- [LISTED RECORDS]:
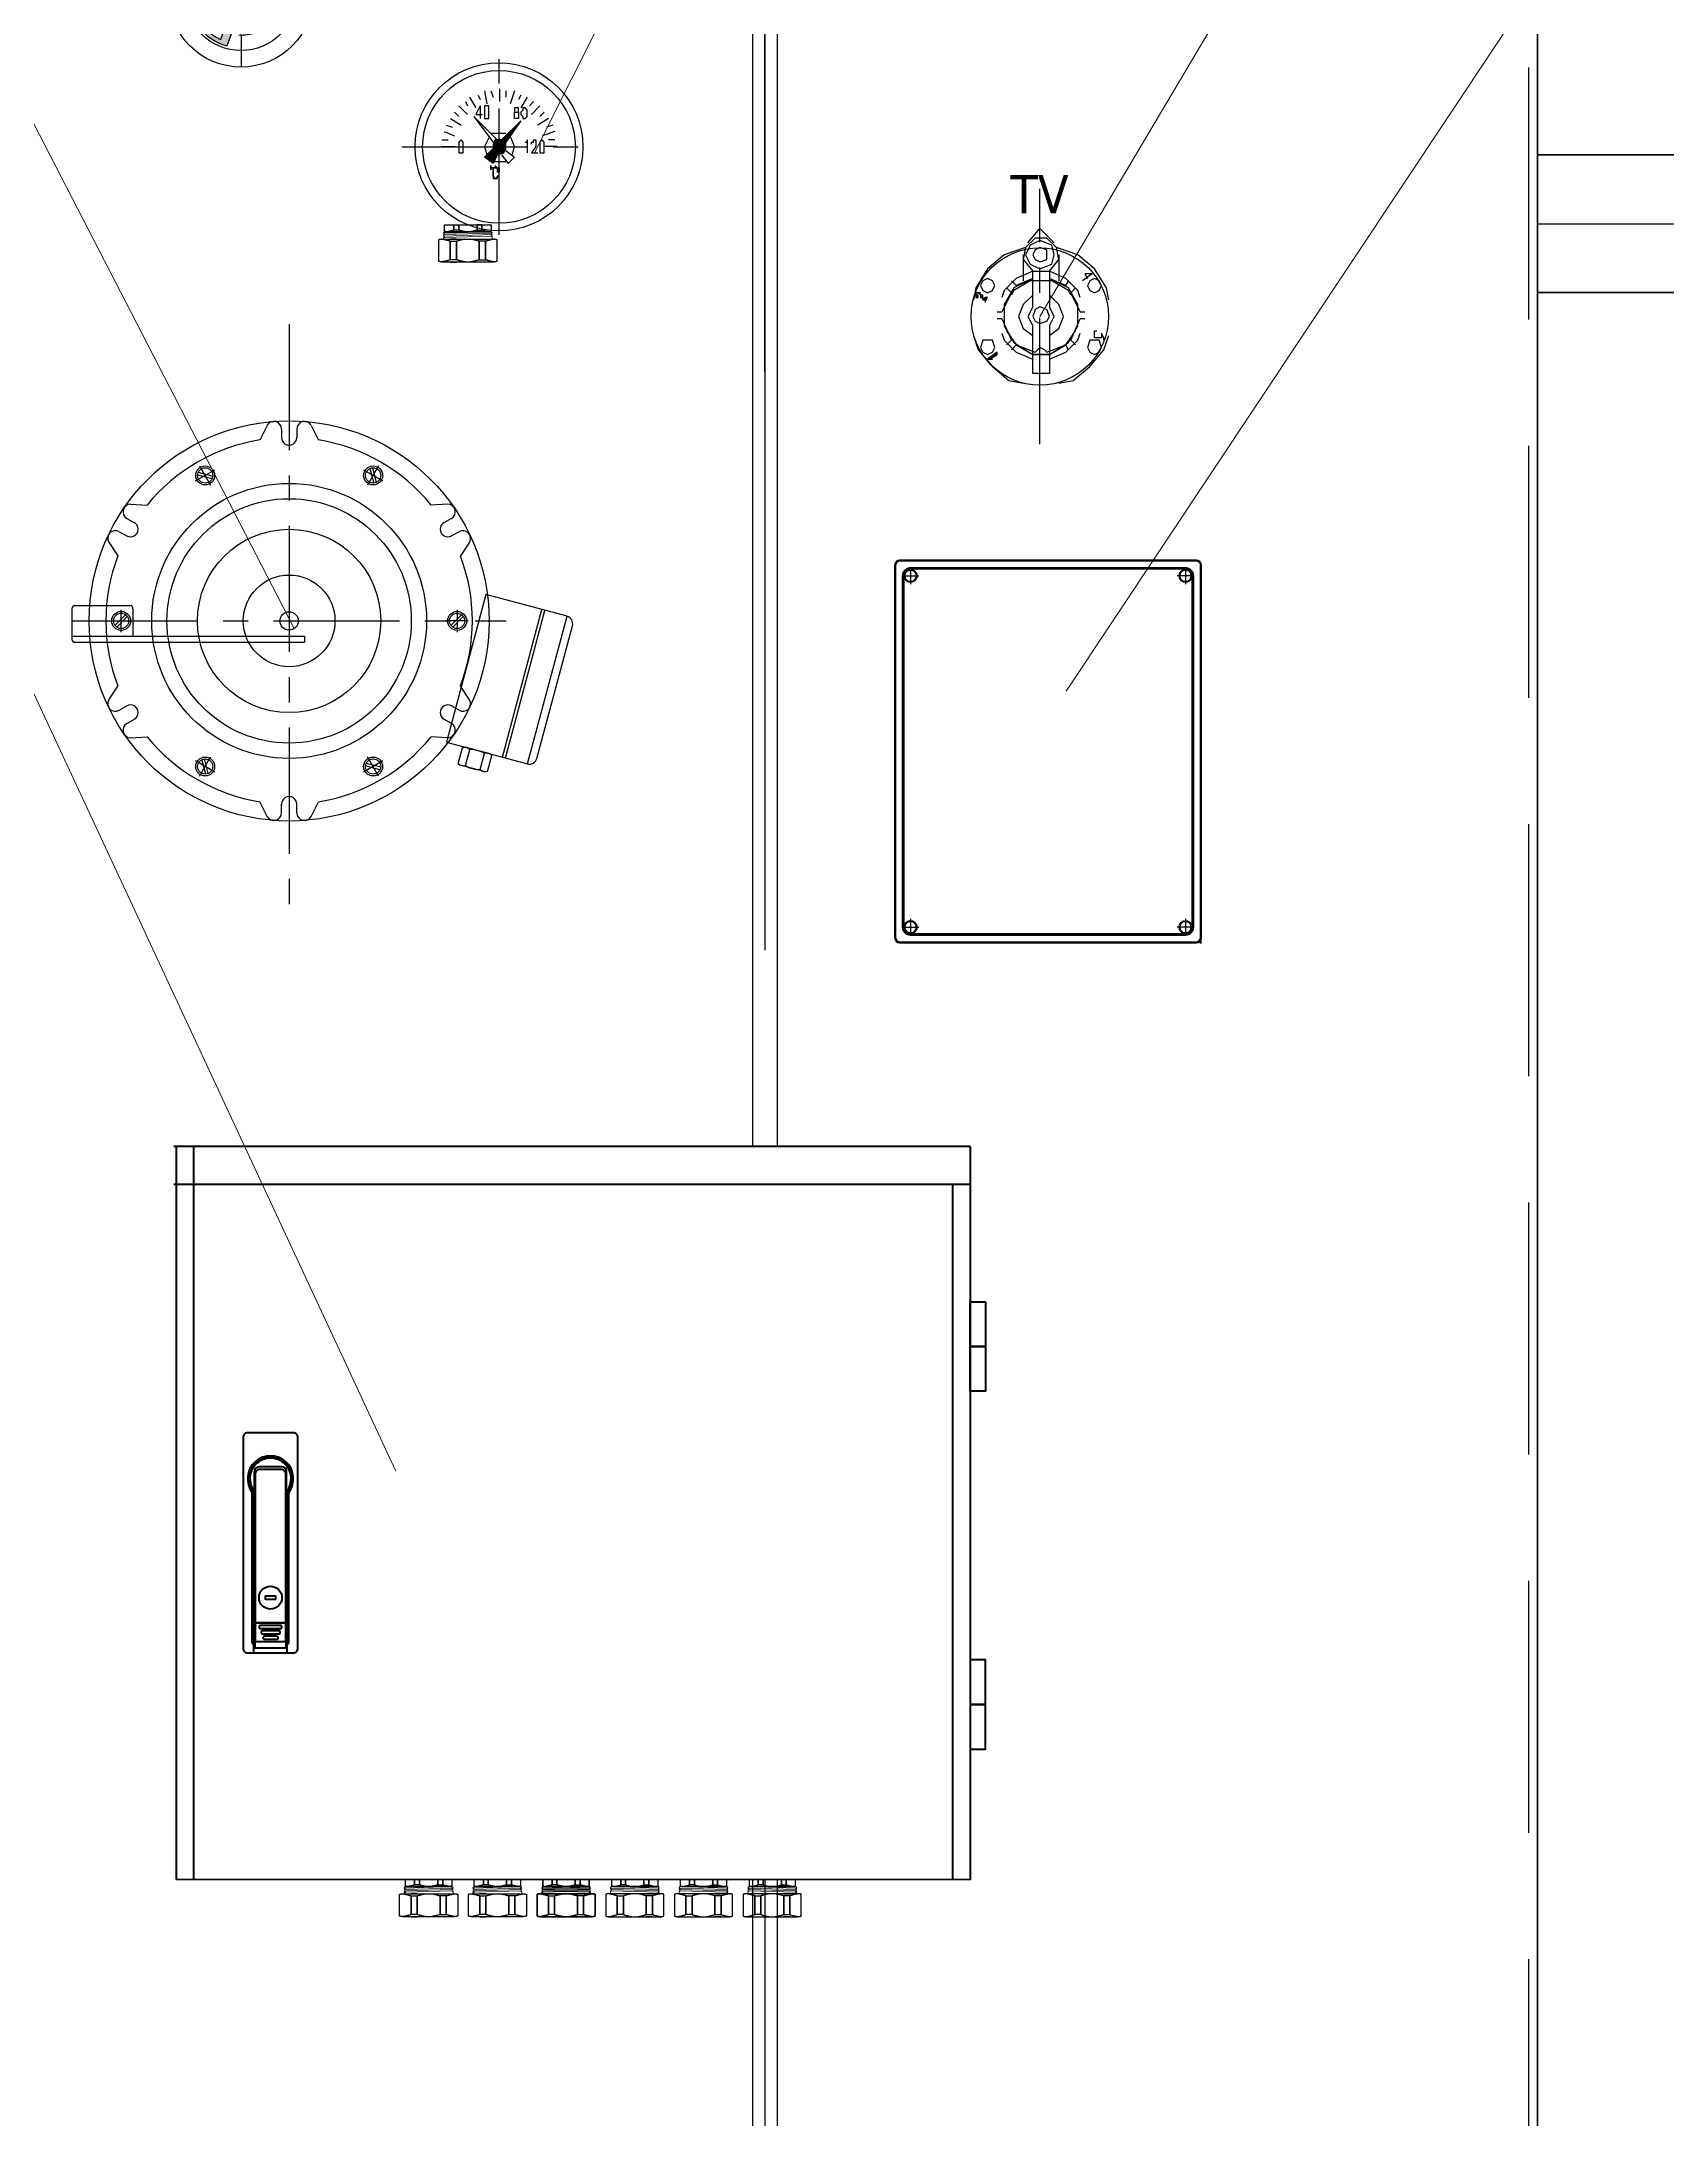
# Model space of a CAD drawing. Header units: millimetres. Extents: x 170753 to 421125, y -418833 to -179812.
# Drawn here: x 176746 to 177810, y -182890 to -181530 of the extents above; entities that cross this region are included whole.
import ezdxf

# ---------------------------------------------------------------- set-up
doc = ezdxf.new("R2010")
doc.units = ezdxf.units.MM
doc.header["$LTSCALE"] = 13
for name, pattern in [('CENTER', [50.8, 31.75, -6.35, 6.35, -6.35]), ('CENTERX2', [101.6, 63.5, -12.7, 12.7, -12.7]), ('HIDDEN', [9.525, 6.35, -3.175])]:
    doc.linetypes.add(name, pattern=pattern)
doc.layers.get('0').update_dxf_attribs({"color": 1, "linetype": 'CENTER'})
for name, color, linetype, lineweight in [('05', 4, 'Continuous', 35), ('标注、文本', 3, 'Continuous', 25), ('铁心', 3, 'Continuous', 0)]:
    doc.layers.add(name, color=color, linetype=linetype, lineweight=lineweight)
for name, color, linetype in [('1', 4, 'Continuous'), ('2细线层', 4, 'Continuous'), ('3', 6, 'HIDDEN'), ('4', 2, 'HIDDEN'), ('THICK_LINE', 255, 'Continuous'), ('粗实线', 4, 'Continuous')]:
    doc.layers.add(name, color=color, linetype=linetype)
doc.styles.add('Note Text (ANSI)', font='arial.ttf')
doc.styles.get("Standard").update_dxf_attribs({"font": 'gbenor.shx', "bigfont": 'gbcbig.shx'})
doc.styles.add('Tahoma$001', font='tahoma.ttf', dxfattribs={"height": 2.159784})
doc.dimstyles.new('1-15', dxfattribs={"dimscale": 20, "dimtxt": 3.5, "dimasz": 2, "dimexe": 1.5, "dimexo": 0.5, "dimgap": 0.5, "dimtad": 1, "dimtoh": 1, "dimdec": 1, "dimdsep": 46, "dimtxsty": 'Standard', "dimcen": 2.5, "dimclrd": 3, "dimclre": 3, "dimclrt": 3, "dimadec": 0, "dimazin": 2, "dimtfac": 1, "dimtdec": 1, "dimtmove": 0, "dimatfit": 2, "dimfxl": 1, "dimarcsym": 0})

# ---------------------------------------------------------------- blocks, each defined once
blk = doc.blocks.new('fgffg')
blk.add_hatch(color=256).paths.add_polyline_path([(26283.3, -83546.9, -0.054749), (26292.7, -83543.5), (26285.6, -83524, 0.757864), (26285.6, -83652), (26292.7, -83632.5, -0.054749), (26283.3, -83629), (26277.9, -83643.8, -0.201943), (26245.7, -83608.7), (26260.9, -83604.6, -0.054749), (26258.3, -83594.9), (26243.1, -83599, -0.342707), (26277.9, -83532.1)])
for p, q in [((26283.3, -83546.9), (26277.9, -83532.1)), ((26292.7, -83543.5), (26285.6, -83524)), ((26258.3, -83594.9), (26243.1, -83599)), ((26260.9, -83604.6), (26245.7, -83608.7)), ((26283.3, -83629), (26277.9, -83643.8)), ((26292.7, -83632.5), (26285.6, -83652))]:
    blk.add_line(p, q)
for radius, start, end in [(66.5, 105.6856, 254.3144), (61.5, 114.6661, 190.3339), (45.8, 103.7325, 116.2675), (61.5, 199.6661, 245.3339), (45.8, 188.7325, 201.2675), (45.8, 243.7325, 256.2675)]:
    blk.add_arc((26303.6, -83588), radius, start, end)
blk = doc.blocks.new('A$C6F763E90')
at = {"layer": '1', "color": 1, "linetype": 'CENTERX2', "lineweight": -3, "ltscale": 0.1}
for p, q in [((90.5, 181.1), (90.5, 0)), ((48.8, 132.3), (60.4, 120.7)), ((132.3, 132.3), (120.7, 120.7)), ((0, 90.5), (181.1, 90.5)), ((48.8, 48.8), (60.4, 60.4)), ((132.3, 48.8), (120.7, 60.4))]:
    blk.add_line(p, q, dxfattribs=at)
blk.add_circle((90.5, 90.5), 50.8, dxfattribs=at)
at = {"layer": '2细线层'}
for centre, radius in [((90.5, 90.5), 90.5), ((90.5, 90.5), 69.8), ((54.6, 126.5), 6.5), ((126.5, 126.5), 6.5), ((90.5, 90.5), 21.1), ((54.6, 54.6), 6.5), ((126.5, 54.6), 6.5)]:
    blk.add_circle(centre, radius, dxfattribs=at)
blk.add_blockref('fgffg', (-26213, 83678.5), dxfattribs=at)
at = {"layer": '2细线层', "style": 'Note Text (ANSI)'}
for s, p in [('MAX', (64.3, 121)), ('+20%%DC', (46.5, 67.9)), ('MIN', (70.9, 50.4))]:
    blk.add_text(s, height=10, dxfattribs=at).set_placement(p)
blk = doc.blocks.new('电缆管接头(M32)')
at = {"color": 1}
for p, q in [((15.2, 0), (-15.2, 0)), ((15.2, -4.5), (-15.2, -4.5))]:
    blk.add_line(p, q, dxfattribs=at)
at = {"color": 1, "lineweight": 15}
for p, q in [((-16, -5), (-15.2, -4.5)), ((-16, -5), (-15.2, -5.5)), ((-16, -5.9), (-15.2, -5.5)), ((-16, -5.9), (-15.2, -6.4)), ((-16, -6.9), (-15.2, -6.4)), ((-16, -6.9), (-15.2, -7.4)), ((-16, -7.9), (-15.2, -7.4)), ((-16, -7.9), (-16, -9.3)), ((16, -9.3), (-16, -9.3)), ((-15.2, -4.5), (15.2, -5.5)), ((-15.2, -5.5), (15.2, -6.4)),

- [EXERCISE DESCRIPTION]: Only lines holding "fgffg" are wanted; copy all of them from the listing.

- [RESULT OF THIS EXERCISE]:
blk = doc.blocks.new('fgffg')
blk.add_blockref('fgffg', (-26213, 83678.5), dxfattribs=at)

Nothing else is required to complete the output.